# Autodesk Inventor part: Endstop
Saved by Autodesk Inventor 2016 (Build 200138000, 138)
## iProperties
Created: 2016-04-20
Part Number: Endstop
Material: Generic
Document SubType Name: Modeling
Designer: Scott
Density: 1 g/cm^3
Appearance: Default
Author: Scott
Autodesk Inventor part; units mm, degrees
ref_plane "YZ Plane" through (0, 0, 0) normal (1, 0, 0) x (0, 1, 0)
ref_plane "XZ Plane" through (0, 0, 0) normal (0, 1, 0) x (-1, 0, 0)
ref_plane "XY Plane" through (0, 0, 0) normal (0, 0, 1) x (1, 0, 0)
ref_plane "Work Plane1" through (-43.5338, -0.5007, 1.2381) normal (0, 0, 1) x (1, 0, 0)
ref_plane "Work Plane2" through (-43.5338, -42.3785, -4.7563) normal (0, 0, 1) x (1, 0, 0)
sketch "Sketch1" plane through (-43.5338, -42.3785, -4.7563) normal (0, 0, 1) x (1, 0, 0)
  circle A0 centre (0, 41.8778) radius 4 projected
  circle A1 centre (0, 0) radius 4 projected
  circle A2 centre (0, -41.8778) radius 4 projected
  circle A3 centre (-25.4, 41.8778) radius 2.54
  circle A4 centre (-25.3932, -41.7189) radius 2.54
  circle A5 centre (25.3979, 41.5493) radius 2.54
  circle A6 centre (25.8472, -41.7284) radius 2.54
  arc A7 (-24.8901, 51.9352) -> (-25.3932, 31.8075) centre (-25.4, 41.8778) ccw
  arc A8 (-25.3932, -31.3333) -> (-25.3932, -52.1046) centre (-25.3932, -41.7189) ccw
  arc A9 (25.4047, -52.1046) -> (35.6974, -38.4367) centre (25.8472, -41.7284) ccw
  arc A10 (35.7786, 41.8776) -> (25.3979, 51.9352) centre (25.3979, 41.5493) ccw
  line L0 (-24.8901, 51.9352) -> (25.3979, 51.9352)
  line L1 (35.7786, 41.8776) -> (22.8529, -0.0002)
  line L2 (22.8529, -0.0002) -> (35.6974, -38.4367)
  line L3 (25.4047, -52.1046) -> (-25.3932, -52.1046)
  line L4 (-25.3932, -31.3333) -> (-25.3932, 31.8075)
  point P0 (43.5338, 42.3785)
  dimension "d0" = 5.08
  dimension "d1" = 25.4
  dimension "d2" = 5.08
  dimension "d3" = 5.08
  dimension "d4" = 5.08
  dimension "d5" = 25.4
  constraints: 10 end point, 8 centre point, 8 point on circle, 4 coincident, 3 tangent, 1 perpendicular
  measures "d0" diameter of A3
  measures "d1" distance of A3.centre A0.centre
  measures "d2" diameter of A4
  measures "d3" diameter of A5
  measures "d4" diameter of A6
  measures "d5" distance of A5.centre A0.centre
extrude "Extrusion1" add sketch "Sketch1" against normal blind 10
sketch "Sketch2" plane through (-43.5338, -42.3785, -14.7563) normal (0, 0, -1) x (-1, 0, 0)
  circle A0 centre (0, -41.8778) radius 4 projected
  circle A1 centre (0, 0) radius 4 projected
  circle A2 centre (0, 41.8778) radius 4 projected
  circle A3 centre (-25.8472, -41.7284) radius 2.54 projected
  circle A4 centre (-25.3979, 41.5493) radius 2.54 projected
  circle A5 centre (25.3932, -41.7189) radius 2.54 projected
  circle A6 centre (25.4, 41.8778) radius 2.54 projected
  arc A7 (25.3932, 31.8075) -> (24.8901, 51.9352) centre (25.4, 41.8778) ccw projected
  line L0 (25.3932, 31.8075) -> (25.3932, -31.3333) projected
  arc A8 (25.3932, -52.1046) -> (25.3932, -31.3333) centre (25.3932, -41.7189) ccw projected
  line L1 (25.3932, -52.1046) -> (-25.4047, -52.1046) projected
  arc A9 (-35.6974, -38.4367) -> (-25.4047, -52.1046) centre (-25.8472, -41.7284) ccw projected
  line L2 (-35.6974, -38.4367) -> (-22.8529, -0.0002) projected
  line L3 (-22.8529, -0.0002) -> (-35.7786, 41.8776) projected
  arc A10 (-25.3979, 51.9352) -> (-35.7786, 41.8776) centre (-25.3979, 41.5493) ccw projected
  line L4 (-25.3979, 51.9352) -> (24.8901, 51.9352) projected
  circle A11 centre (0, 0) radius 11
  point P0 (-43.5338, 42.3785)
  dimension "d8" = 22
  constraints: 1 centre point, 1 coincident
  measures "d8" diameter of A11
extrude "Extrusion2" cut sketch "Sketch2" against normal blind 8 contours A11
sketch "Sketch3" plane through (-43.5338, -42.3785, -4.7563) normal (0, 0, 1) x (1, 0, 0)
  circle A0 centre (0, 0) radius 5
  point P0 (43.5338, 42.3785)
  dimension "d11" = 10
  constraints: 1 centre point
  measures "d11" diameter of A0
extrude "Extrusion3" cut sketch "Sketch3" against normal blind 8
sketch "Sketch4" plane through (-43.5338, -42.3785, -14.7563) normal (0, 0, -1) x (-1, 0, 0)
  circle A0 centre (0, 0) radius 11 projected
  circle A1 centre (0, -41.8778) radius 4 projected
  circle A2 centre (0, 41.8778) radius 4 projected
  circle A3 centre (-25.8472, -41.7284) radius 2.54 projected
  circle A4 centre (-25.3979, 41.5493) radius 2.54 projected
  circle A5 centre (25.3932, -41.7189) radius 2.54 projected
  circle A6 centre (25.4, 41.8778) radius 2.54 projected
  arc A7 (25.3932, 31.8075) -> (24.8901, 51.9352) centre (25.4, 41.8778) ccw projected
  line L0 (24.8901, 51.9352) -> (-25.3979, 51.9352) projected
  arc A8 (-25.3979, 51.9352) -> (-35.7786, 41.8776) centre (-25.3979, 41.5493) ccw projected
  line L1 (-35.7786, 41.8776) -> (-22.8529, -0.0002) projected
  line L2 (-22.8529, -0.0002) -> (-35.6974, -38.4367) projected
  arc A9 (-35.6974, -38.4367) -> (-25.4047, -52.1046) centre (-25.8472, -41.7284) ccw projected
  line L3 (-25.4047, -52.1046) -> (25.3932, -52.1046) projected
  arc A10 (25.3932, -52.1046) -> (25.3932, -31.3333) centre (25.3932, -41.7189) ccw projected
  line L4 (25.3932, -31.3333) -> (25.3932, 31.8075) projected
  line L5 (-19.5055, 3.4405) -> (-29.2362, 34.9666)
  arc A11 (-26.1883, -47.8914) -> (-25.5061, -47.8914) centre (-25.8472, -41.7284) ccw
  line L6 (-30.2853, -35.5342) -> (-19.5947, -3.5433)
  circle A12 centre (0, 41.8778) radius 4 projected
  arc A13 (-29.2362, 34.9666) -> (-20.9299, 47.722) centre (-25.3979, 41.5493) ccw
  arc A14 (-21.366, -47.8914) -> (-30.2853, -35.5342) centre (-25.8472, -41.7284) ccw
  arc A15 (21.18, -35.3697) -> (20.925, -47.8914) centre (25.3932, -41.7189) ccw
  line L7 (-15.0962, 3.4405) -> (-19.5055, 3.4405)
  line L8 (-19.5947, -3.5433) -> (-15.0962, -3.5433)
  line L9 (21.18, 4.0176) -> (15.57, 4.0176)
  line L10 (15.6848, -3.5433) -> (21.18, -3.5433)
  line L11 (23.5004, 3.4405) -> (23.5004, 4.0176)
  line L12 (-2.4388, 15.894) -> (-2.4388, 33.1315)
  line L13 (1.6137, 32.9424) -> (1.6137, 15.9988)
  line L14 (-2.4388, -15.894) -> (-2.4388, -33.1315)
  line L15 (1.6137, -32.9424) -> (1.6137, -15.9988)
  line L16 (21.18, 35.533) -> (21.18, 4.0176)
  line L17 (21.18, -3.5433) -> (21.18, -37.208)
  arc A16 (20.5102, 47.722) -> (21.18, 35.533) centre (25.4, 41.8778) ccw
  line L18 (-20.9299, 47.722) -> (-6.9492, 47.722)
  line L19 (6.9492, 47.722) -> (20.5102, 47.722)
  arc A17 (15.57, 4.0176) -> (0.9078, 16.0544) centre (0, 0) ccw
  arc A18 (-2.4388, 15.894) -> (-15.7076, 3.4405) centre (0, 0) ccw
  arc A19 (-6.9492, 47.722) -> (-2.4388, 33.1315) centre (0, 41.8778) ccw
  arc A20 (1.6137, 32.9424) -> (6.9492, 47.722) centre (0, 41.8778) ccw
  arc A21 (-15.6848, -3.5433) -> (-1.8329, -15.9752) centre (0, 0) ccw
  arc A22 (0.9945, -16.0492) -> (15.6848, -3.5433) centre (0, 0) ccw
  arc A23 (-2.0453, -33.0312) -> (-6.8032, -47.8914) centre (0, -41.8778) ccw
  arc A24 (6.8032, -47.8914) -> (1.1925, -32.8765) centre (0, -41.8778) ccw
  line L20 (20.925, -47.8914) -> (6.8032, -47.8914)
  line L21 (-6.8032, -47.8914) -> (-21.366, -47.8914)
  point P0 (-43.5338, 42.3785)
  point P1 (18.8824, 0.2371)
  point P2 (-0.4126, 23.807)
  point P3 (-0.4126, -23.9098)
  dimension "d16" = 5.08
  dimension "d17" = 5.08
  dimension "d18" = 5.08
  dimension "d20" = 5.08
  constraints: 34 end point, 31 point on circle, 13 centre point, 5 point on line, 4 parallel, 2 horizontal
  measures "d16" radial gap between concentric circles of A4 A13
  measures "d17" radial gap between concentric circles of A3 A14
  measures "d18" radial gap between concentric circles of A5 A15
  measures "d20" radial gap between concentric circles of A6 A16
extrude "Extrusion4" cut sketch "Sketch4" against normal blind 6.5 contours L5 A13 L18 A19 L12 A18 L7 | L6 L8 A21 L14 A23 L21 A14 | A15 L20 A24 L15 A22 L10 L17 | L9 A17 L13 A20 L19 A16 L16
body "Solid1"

^^^^^^^^^^^^^^^^

• [REQUIREMENT]
Reproduce each line of the records in which the string "coincident" appears.

• [OUTPUT OF THE EXERCISE]
  constraints: 10 end point, 8 centre point, 8 point on circle, 4 coincident, 3 tangent, 1 perpendicular
  constraints: 1 centre point, 1 coincident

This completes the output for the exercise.